- **Data shown**

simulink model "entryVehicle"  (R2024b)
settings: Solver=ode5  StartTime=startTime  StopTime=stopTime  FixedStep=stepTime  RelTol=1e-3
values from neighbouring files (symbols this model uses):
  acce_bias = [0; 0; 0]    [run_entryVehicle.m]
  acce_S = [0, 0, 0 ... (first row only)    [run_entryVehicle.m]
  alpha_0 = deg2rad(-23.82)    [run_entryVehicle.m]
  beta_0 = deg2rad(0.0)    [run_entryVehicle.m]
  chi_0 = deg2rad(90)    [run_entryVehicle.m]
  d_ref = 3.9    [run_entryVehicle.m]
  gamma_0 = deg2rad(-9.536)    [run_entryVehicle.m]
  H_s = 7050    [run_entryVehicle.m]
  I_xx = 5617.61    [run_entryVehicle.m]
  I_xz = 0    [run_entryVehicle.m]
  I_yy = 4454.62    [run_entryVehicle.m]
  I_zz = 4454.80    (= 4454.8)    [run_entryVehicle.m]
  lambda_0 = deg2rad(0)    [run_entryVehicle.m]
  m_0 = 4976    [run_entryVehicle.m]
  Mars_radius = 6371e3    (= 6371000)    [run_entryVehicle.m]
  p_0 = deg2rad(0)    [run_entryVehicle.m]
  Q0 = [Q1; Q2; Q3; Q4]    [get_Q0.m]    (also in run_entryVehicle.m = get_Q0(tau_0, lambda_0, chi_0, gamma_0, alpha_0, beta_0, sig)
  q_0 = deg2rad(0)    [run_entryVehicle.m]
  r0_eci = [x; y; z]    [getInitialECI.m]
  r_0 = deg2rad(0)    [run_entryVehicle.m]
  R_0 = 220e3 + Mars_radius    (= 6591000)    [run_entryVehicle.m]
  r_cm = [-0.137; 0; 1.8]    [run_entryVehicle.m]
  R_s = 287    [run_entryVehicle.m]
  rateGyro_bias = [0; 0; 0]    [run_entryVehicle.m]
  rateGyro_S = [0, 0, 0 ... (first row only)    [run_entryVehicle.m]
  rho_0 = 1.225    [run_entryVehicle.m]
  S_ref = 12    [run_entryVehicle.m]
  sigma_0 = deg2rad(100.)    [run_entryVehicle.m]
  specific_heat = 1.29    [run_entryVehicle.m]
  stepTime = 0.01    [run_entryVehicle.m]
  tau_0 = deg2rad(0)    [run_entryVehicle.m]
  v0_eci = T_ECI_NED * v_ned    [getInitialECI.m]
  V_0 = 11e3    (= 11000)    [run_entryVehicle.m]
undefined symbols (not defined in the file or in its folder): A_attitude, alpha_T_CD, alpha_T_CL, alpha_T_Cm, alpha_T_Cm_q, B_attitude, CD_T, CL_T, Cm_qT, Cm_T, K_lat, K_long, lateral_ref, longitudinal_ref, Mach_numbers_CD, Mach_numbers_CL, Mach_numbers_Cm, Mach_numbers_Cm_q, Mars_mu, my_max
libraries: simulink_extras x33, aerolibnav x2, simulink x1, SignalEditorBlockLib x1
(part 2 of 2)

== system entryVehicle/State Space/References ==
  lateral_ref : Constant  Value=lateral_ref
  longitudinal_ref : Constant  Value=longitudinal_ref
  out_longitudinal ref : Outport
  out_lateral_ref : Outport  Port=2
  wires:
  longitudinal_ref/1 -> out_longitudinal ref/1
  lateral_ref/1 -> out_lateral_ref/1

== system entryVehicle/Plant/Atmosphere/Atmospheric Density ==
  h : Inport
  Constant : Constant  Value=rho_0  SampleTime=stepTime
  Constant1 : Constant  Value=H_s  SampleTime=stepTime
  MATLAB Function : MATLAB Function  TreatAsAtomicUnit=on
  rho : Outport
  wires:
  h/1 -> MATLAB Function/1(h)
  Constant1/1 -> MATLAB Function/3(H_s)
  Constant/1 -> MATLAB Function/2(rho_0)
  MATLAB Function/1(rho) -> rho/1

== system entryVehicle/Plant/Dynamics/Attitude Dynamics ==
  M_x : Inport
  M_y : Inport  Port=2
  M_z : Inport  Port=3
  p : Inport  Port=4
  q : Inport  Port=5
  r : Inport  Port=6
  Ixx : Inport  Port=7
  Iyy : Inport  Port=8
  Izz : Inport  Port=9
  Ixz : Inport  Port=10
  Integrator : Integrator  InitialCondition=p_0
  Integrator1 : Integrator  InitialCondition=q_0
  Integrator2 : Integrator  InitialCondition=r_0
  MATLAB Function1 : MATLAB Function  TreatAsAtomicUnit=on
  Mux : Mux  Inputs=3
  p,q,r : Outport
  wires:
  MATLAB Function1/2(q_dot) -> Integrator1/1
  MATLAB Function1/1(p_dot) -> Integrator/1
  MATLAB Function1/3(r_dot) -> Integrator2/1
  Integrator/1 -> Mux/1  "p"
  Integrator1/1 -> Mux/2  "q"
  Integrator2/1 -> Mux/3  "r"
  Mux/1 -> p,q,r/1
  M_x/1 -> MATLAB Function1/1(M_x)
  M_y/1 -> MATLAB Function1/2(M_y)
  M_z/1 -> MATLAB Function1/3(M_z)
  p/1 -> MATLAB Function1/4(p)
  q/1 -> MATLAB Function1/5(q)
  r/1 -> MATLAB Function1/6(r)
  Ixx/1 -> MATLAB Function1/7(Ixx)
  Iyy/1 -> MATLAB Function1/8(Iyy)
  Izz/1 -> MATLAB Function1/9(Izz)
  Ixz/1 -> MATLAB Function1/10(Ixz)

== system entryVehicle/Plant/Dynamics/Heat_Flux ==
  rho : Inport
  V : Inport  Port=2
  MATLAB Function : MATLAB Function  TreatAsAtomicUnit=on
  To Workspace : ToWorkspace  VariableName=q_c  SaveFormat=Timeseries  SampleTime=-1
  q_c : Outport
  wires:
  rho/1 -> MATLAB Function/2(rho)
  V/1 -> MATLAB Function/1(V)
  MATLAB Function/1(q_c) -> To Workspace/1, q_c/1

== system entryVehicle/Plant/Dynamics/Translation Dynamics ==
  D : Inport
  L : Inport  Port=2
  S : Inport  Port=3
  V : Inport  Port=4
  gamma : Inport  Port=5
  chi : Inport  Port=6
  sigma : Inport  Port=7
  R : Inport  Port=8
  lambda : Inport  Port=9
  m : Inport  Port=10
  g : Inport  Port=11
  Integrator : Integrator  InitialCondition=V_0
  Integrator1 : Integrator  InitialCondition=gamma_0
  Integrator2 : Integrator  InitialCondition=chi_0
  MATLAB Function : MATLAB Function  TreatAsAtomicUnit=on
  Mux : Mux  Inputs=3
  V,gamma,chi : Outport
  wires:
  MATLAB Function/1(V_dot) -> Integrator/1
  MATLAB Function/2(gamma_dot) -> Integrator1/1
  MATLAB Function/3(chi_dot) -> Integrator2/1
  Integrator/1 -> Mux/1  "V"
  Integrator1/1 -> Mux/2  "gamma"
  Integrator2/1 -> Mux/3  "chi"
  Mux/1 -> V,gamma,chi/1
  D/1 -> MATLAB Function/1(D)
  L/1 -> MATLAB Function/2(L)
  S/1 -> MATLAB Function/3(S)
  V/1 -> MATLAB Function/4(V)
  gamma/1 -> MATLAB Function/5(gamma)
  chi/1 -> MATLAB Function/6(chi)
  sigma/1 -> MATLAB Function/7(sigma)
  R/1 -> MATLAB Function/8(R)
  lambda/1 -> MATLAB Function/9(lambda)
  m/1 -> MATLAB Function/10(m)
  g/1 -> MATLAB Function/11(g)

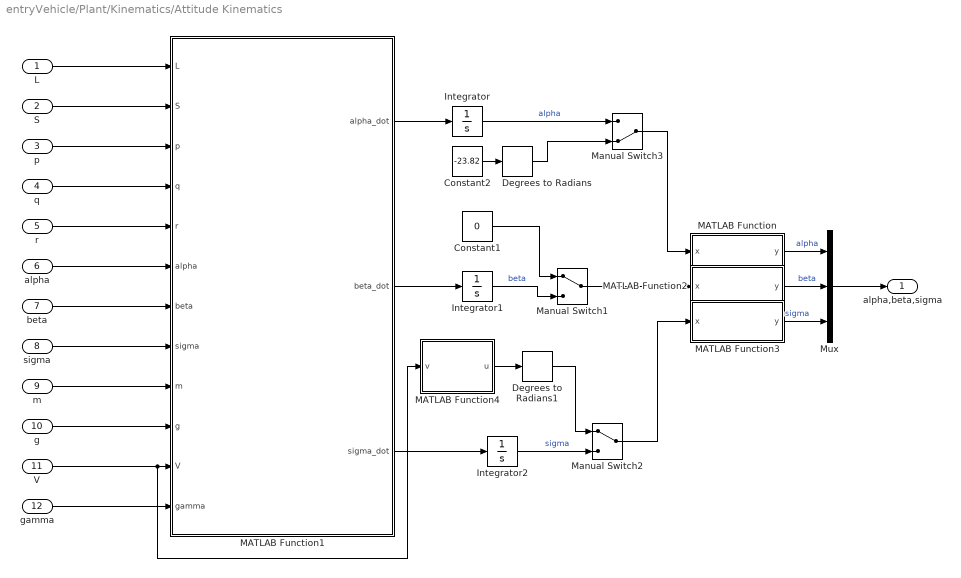
== system entryVehicle/Plant/Kinematics/Attitude Kinematics ==
  L : Inport
  S : Inport  Port=2
  p : Inport  Port=3
  q : Inport  Port=4
  r : Inport  Port=5
  alpha : Inport  Port=6
  beta : Inport  Port=7
  sigma : Inport  Port=8
  m : Inport  Port=9
  g : Inport  Port=10
  V : Inport  Port=11
  gamma : Inport  Port=12
  Constant1 : Constant  Value=0
  Constant2 : Constant  Value=-23.82
  Degrees to Radians : simulink_extras/Transformations/Degrees to Radians
  Degrees to Radians1 : simulink_extras/Transformations/Degrees to Radians
  Integrator : Integrator  InitialCondition=alpha_0
  Integrator1 : Integrator  InitialCondition=beta_0
  Integrator2 : Integrator  InitialCondition=sigma_0
  MATLAB Function : MATLAB Function  TreatAsAtomicUnit=on
  MATLAB Function1 : MATLAB Function  TreatAsAtomicUnit=on
  MATLAB Function2 : MATLAB Function  TreatAsAtomicUnit=on
  MATLAB Function3 : MATLAB Function  TreatAsAtomicUnit=on
  MATLAB Function4 : MATLAB Function  TreatAsAtomicUnit=on
  Manual Switch1 : ManualSwitch
  Manual Switch2 : ManualSwitch
  Manual Switch3 : ManualSwitch  CurrentSetting=0
  Mux : Mux  Inputs=3
  alpha,beta,sigma : Outport
  wires:
  beta/1 -> MATLAB Function1/7(beta)
  q/1 -> MATLAB Function1/4(q)
  m/1 -> MATLAB Function1/9(m)
  p/1 -> MATLAB Function1/3(p)
  sigma/1 -> MATLAB Function1/8(sigma)
  alpha/1 -> MATLAB Function1/6(alpha)
  L/1 -> MATLAB Function1/1(L)
  r/1 -> MATLAB Function1/5(r)
  g/1 -> MATLAB Function1/10(g)
  V/1 -> MATLAB Function4/1(v), MATLAB Function1/11(V)
  Mux/1 -> alpha,beta,sigma/1
  gamma/1 -> MATLAB Function1/12(gamma)
  MATLAB Function/1(y) -> Mux/1  "alpha"
  MATLAB Function2/1(y) -> Mux/2  "beta"
  MATLAB Function3/1(y) -> Mux/3  "sigma"
  S/1 -> MATLAB Function1/2(S)
  MATLAB Function1/1(alpha_dot) -> Integrator/1
  MATLAB Function1/2(beta_dot) -> Integrator1/1
  MATLAB Function1/3(sigma_dot) -> Integrator2/1
  Constant2/1 -> Degrees to Radians/1
  Integrator/1 -> Manual Switch3/1  "alpha"
  Manual Switch3/1 -> MATLAB Function/1(x)
  Manual Switch1/1 -> MATLAB Function2/1(x)
  Integrator1/1 -> Manual Switch1/2  "beta"
  Constant1/1 -> Manual Switch1/1
  Manual Switch2/1 -> MATLAB Function3/1(x)
  Integrator2/1 -> Manual Switch2/2  "sigma"
  Degrees to Radians/1 -> Manual Switch3/2
  Degrees to Radians1/1 -> Manual Switch2/1
  MATLAB Function4/1(u) -> Degrees to Radians1/1

== system entryVehicle/Plant/Kinematics/Translation Kinematics ==
  V : Inport
  gamma : Inport  Port=2
  chi : Inport  Port=3
  R : Inport  Port=4
  lambda : Inport  Port=5
  Integrator : Integrator  InitialCondition=R_0
  Integrator1 : Integrator  InitialCondition=tau_0
  Integrator2 : Integrator  InitialCondition=lambda_0
  MATLAB Function : MATLAB Function  TreatAsAtomicUnit=on
  Mux : Mux  Inputs=3
  R,tau,lambda : Outport
  wires:
  V/1 -> MATLAB Function/1(V)
  gamma/1 -> MATLAB Function/2(gamma)
  chi/1 -> MATLAB Function/3(chi)
  R/1 -> MATLAB Function/4(R)
  lambda/1 -> MATLAB Function/5(lambda)
  MATLAB Function/1(R_dot) -> Integrator/1
  MATLAB Function/2(tau_dot) -> Integrator1/1
  MATLAB Function/3(lambda_dot) -> Integrator2/1
  Integrator/1 -> Mux/1
  Integrator1/1 -> Mux/2
  Integrator2/1 -> Mux/3
  Mux/1 -> R,tau,lambda/1

== matlab function entryVehicle/Plant/Dynamics/Translation Dynamics/MATLAB Function ==
  data: V_dot output; gamma_dot output; chi_dot output; D input; L input; S input; V input; gamma input; chi input; sigma input; R input; lambda input; m input; g input
function [V_dot, gamma_dot, chi_dot] = Translation_Dynamics(D, L, S, V, gamma, chi, sigma, R, lambda, m, g)

V_dot = -D/m - g*sin(gamma);
gamma_dot = (V/R - g/V)*cos(gamma) + (L*cos(sigma) - S*sin(sigma))/(m*V);
chi_dot = V/R*cos(gamma)*tan(lambda)*sin(chi) - (L*sin(sigma) + S*cos(sigma))/(m*V*cos(gamma));

== matlab function entryVehicle/Plant/Aerodynamic Data (Apex reference frame)/MATLAB Function1 ==
  data: alpha input; alphaT output; beta input
function alphaT = total_angleAttack(alpha, beta)

alphaT = acos(cos(alpha)*cos(beta));

== matlab function entryVehicle/Plant/Aerodynamic Data (Apex reference frame)/MATLAB Function2 ==
  data: C_m output; C_mT input; C_n output; alpha input; beta input; alphaT input
function [C_m, C_n] = CmTtransformation(C_mT, alpha, beta, alphaT)

epsilon = 1e-6; % Threshold to detect near-zero total angle

if abs(alphaT) < epsilon
    % At singularity: alpha = beta = 0, so just return total coefficient for pitch moment, no yaw moment
    C_m = C_mT;
    C_n = 0;
else
    % Regular transformation
    C_m = sin(alpha)*cos(beta)/sin(alphaT) * C_mT;
    C_n = -sin(beta)/sin(alphaT) * C_mT;
end

== matlab function entryVehicle/Plant/Aerodynamic Data (Apex reference frame)/MATLAB Function3 ==
  data: C_mq output; C_mqT input; C_nr output; alpha input; beta input; alphaT input
function [C_mq, C_nr] = CmqTtransformation(C_mqT, alpha, beta, alphaT)

epsilon = 1e-6; % Threshold to detect near-zero total angle

if abs(alphaT) < epsilon
    % At singularity: alpha = beta = 0, so just return total coefficient for pitch moment, no yaw moment
    C_mq = C_mqT;
    C_nr = 0;
else
    % Regular transformation
    C_mq = sin(alpha)*cos(beta)/sin(alphaT) * C_mqT;
    C_nr = -sin(beta)/sin(alphaT) * C_mqT;
end

== matlab function entryVehicle/Plant/Kinematics/Attitude Kinematics/MATLAB Function ==
  data: x input; y output
function y = wrap_angle(x)
    y = wrapToPi(x);
end

== matlab function entryVehicle/Plant/Kinematics/Attitude Kinematics/MATLAB Function2 ==
  data: x input; y output
function y = wrap_angle(x)
    y = wrapToPi(x);
end

== matlab function entryVehicle/Plant/Kinematics/Attitude Kinematics/MATLAB Function3 ==
  data: x input; y output
function y = wrap_angle(x)
    y = wrapToPi(x);
end

== matlab function entryVehicle/Plant/Moments/MATLAB Function ==
  data: Mx_cross output; My_cross output; Mz_cross output; X_A input; Y_A input; Z_A input; r_cm input
function [Mx_cross, My_cross, Mz_cross] = crossProduct(X_A, Y_A, Z_A, r_cm)
    % Force vector in apex axes: [X; Y; Z]
    F_A_apex = [X_A; Y_A; Z_A];

    % Cross product to shift moment from apex to center of mass
    M_cross = cross(r_cm, F_A_apex);

    % Output individual components
    Mx_cross = M_cross(1);
    My_cross = M_cross(2);
    Mz_cross = M_cross(3);
end

== matlab function entryVehicle/Plant/Moments/MATLAB Function1 ==
  data: D input; X_A output; L input; S input; alpha input; beta input; Y_A output; Z_A output
function [X_A, Y_A, Z_A] = aeroFrame2apexFrameForces(D, L, S, alpha, beta)

c_alpha = cos(alpha);
s_alpha = sin(alpha);
c_beta = cos(beta);
s_beta = sin(beta);

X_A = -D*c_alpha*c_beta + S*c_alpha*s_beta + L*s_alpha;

- **Required work**
Take from the material above the lines running from the one with "M_z : Inport" through the one with "MATLAB Function1/1(p_dot) -> Integrator/1", and repeat them exactly, with nothing else.

- **The answer**
  M_z : Inport  Port=3
  p : Inport  Port=4
  q : Inport  Port=5
  r : Inport  Port=6
  Ixx : Inport  Port=7
  Iyy : Inport  Port=8
  Izz : Inport  Port=9
  Ixz : Inport  Port=10
  Integrator : Integrator  InitialCondition=p_0
  Integrator1 : Integrator  InitialCondition=q_0
  Integrator2 : Integrator  InitialCondition=r_0
  MATLAB Function1 : MATLAB Function  TreatAsAtomicUnit=on
  Mux : Mux  Inputs=3
  p,q,r : Outport
  wires:
  MATLAB Function1/2(q_dot) -> Integrator1/1
  MATLAB Function1/1(p_dot) -> Integrator/1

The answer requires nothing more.